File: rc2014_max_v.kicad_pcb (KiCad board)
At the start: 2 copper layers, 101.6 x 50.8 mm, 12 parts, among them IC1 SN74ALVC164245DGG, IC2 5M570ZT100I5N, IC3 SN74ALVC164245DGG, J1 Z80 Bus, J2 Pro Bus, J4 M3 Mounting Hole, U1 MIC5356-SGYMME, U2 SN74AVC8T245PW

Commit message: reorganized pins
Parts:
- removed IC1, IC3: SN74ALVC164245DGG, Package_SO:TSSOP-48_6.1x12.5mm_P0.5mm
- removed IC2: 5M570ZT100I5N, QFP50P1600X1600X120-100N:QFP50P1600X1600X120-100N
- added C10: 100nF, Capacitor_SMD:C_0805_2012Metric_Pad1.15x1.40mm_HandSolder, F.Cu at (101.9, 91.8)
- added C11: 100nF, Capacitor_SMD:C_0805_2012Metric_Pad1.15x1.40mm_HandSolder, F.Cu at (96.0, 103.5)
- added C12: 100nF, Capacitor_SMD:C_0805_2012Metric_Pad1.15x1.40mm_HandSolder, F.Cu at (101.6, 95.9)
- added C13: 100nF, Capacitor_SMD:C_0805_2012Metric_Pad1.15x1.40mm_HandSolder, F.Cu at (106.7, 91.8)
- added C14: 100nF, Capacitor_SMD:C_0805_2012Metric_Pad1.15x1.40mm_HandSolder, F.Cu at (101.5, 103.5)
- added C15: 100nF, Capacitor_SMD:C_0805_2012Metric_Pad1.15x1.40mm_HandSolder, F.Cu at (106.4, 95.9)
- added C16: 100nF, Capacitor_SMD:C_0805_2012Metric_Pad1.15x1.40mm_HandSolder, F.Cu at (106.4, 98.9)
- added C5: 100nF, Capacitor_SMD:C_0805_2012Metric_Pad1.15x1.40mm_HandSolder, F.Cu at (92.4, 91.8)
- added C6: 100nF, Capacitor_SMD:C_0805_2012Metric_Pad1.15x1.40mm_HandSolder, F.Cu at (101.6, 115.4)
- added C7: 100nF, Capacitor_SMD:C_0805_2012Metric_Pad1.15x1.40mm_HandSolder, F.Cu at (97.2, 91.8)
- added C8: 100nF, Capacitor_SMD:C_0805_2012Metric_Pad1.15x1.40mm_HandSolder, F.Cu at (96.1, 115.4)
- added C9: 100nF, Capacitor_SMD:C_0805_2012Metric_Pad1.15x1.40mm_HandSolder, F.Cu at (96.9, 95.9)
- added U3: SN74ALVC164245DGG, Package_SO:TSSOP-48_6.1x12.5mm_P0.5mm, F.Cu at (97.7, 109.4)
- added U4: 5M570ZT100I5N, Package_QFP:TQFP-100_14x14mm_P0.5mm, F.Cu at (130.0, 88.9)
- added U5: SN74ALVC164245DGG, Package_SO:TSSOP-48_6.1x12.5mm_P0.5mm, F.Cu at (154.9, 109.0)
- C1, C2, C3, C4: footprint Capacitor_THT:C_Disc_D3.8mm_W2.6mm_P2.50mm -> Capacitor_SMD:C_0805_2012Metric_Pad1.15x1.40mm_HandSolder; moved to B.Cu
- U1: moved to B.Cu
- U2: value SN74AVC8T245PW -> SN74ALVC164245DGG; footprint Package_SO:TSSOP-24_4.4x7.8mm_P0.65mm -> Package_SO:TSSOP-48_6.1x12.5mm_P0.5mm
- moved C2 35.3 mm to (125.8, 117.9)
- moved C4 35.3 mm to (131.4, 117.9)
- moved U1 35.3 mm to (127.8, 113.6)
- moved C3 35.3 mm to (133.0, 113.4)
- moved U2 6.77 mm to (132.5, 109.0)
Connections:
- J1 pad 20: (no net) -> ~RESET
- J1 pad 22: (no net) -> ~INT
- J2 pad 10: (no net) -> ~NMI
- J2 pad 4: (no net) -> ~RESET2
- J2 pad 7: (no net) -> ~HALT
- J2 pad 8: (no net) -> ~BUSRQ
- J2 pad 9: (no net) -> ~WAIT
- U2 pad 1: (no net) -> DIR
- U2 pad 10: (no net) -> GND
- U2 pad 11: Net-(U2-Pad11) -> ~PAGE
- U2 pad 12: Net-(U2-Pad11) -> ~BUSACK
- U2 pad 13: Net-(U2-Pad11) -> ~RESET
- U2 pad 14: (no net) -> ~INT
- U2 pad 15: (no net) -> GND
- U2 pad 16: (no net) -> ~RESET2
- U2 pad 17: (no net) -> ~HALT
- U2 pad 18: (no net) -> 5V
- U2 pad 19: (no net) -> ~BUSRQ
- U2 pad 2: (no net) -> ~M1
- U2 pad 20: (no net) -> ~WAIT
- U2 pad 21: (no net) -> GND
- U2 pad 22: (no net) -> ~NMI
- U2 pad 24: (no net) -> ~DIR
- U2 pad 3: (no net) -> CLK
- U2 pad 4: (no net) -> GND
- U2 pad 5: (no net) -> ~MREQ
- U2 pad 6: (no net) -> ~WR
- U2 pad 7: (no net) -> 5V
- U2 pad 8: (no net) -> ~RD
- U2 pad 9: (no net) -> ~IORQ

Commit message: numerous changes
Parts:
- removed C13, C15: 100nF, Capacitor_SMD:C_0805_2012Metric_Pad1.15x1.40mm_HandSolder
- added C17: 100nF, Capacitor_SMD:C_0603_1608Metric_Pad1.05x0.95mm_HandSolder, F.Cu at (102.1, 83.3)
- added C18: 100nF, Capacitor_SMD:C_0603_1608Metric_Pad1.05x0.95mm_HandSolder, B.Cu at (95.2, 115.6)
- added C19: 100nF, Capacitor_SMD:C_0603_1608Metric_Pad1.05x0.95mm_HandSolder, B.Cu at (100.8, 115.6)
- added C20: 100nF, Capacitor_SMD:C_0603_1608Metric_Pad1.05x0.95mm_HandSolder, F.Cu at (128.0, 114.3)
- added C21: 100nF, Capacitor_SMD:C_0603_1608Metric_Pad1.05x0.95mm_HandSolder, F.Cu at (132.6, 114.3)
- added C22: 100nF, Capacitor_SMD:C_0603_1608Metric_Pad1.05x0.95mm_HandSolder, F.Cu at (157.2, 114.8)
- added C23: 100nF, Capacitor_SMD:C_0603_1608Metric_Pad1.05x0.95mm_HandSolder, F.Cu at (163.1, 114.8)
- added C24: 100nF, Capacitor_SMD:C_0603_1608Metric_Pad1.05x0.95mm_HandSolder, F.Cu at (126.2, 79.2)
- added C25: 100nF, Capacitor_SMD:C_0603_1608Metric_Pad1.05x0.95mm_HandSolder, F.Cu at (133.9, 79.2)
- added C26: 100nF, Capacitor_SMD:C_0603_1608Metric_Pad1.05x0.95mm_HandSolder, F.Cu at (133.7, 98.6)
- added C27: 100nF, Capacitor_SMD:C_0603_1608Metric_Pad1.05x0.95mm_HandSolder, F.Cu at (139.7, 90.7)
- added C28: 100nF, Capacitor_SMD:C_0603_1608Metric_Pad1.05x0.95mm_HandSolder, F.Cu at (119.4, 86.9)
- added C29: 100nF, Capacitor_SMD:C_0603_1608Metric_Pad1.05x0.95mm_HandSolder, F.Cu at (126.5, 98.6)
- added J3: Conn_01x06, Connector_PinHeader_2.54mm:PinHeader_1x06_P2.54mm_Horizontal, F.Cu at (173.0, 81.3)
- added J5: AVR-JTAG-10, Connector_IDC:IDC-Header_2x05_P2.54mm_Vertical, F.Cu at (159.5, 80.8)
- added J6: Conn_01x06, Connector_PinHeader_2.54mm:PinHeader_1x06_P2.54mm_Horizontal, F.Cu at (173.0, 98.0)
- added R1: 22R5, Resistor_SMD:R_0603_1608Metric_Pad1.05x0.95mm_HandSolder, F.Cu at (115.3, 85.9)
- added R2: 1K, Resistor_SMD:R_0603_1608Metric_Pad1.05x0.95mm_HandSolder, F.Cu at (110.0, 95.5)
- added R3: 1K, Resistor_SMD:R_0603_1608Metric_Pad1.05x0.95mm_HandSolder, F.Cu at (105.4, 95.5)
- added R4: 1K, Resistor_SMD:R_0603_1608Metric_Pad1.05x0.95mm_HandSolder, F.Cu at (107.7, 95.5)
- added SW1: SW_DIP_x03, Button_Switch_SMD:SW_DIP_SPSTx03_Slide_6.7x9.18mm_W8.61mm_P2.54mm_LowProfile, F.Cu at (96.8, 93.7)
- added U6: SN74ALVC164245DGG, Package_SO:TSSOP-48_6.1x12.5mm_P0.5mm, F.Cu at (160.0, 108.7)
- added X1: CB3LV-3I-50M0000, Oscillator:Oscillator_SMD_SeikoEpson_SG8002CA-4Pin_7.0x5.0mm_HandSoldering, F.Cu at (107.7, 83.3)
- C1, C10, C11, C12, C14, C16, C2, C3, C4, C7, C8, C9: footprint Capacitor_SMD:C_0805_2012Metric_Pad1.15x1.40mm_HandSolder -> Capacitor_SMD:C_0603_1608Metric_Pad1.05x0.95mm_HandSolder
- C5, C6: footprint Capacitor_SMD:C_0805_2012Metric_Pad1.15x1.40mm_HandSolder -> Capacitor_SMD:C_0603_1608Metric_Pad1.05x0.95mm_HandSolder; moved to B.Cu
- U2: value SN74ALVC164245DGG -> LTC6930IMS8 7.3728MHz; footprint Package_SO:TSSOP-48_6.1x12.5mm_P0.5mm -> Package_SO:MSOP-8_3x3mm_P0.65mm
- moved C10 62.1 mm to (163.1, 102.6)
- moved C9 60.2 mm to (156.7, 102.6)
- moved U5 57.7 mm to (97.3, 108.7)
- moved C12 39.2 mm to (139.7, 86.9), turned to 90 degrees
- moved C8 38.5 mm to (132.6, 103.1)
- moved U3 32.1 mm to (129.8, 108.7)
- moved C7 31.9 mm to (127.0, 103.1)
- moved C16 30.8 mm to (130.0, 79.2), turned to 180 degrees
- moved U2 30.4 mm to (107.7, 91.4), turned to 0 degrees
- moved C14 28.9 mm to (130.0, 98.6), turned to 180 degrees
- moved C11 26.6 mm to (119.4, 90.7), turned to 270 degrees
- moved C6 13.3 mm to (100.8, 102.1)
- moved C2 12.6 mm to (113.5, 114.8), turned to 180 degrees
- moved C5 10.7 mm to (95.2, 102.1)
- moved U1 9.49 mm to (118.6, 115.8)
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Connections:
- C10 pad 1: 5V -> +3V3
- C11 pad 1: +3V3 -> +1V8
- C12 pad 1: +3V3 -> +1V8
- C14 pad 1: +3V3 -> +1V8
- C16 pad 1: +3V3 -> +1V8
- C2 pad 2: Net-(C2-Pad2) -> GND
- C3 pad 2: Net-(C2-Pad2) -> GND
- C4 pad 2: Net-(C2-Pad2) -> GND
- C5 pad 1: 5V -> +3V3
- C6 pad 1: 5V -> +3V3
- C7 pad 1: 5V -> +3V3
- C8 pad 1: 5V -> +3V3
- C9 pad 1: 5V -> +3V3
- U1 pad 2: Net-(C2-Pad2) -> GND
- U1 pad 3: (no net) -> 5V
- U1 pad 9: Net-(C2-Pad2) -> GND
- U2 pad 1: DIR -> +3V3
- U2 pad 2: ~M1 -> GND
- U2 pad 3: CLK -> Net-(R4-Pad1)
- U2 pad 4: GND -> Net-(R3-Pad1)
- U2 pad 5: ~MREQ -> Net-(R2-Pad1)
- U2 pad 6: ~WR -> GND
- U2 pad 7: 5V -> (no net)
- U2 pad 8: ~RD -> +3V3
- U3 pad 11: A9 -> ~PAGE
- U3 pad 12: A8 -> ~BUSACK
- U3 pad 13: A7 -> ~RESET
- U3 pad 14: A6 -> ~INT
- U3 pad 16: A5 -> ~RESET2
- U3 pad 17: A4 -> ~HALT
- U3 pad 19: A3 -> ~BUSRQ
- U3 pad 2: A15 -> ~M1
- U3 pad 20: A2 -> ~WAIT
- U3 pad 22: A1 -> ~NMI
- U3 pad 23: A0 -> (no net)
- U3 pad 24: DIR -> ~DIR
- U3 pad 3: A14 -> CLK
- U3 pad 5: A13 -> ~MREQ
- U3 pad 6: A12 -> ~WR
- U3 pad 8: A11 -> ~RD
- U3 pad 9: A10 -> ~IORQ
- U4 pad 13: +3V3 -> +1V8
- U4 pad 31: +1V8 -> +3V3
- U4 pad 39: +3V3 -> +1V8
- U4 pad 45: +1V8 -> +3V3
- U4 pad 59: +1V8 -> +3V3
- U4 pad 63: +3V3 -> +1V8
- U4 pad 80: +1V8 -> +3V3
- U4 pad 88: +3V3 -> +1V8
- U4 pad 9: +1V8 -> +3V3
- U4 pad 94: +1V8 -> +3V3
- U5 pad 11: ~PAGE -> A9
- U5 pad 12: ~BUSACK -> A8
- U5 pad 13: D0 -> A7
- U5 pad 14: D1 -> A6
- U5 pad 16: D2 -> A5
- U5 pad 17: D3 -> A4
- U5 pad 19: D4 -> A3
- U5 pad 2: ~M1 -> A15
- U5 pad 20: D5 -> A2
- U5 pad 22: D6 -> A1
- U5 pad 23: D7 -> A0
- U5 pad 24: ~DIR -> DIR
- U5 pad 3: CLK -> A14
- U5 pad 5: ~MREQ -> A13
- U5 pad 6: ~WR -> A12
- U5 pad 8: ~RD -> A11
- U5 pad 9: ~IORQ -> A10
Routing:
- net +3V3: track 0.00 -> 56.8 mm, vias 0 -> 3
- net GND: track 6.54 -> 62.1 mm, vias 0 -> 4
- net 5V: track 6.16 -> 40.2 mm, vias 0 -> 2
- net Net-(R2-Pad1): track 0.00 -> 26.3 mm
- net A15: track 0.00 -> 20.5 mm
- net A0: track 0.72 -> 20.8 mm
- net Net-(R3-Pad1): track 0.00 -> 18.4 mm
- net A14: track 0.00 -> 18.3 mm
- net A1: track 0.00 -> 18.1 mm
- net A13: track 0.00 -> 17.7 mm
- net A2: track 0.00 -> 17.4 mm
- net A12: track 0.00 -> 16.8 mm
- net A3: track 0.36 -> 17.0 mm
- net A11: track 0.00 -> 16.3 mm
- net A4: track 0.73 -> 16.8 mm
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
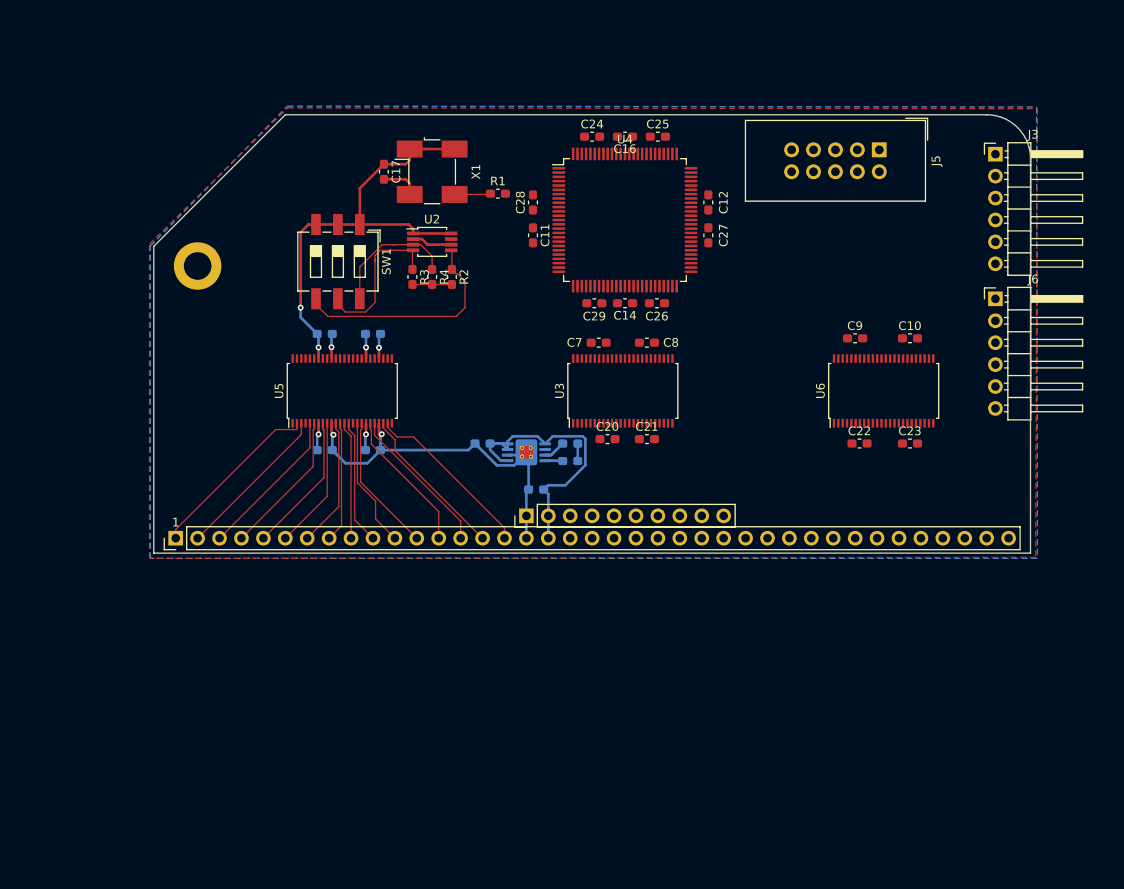
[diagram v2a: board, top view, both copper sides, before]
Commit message: added FT JTAG
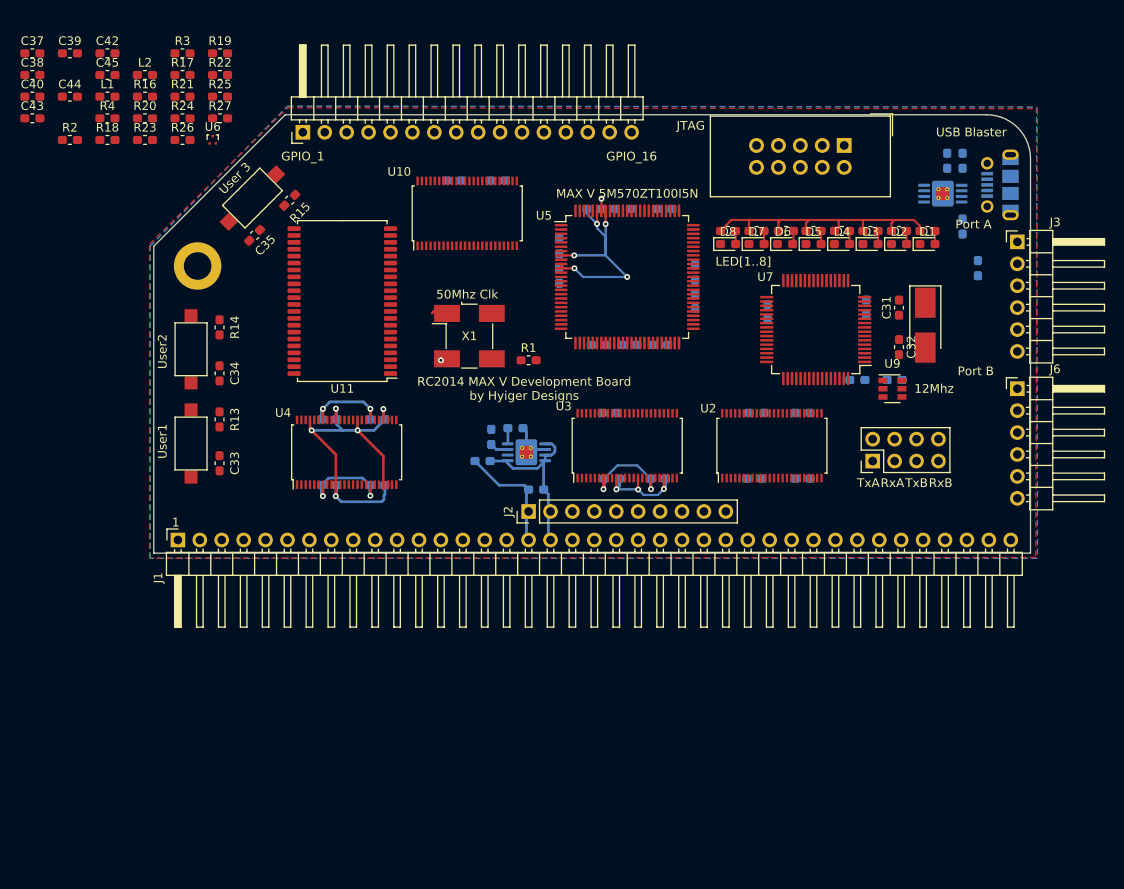
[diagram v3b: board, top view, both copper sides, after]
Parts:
- removed SW1: SW_DIP_x03, Button_Switch_SMD:SW_DIP_SPSTx03_Slide_6.7x9.18mm_W8.61mm_P2.54mm_LowProfile
- added C13: 100nF, Capacitor_SMD:C_0603_1608Metric_Pad1.05x0.95mm_HandSolder, B.Cu at (145.3, 111.3)
- added C15: 100nF, Capacitor_SMD:C_0603_1608Metric_Pad1.05x0.95mm_HandSolder, B.Cu at (128.3, 111.3)
- added C30: 100nF, Capacitor_SMD:C_0603_1608Metric_Pad1.05x0.95mm_HandSolder, B.Cu at (167.4, 82.0)
- added C31: 18pF, Capacitor_SMD:C_0603_1608Metric_Pad1.05x0.95mm_HandSolder, F.Cu at (161.8, 99.1)
- added C32: 18pF, Capacitor_SMD:C_0603_1608Metric_Pad1.05x0.95mm_HandSolder, F.Cu at (161.8, 103.6)
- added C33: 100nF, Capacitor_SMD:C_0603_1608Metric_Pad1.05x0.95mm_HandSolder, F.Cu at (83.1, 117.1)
———
### TO DO
Copy out, from the listing above, every line that contains the word "HALT".

### TASK RESULT
- J2 pad 7: (no net) -> ~HALT
- U2 pad 17: (no net) -> ~HALT
- U3 pad 17: A4 -> ~HALT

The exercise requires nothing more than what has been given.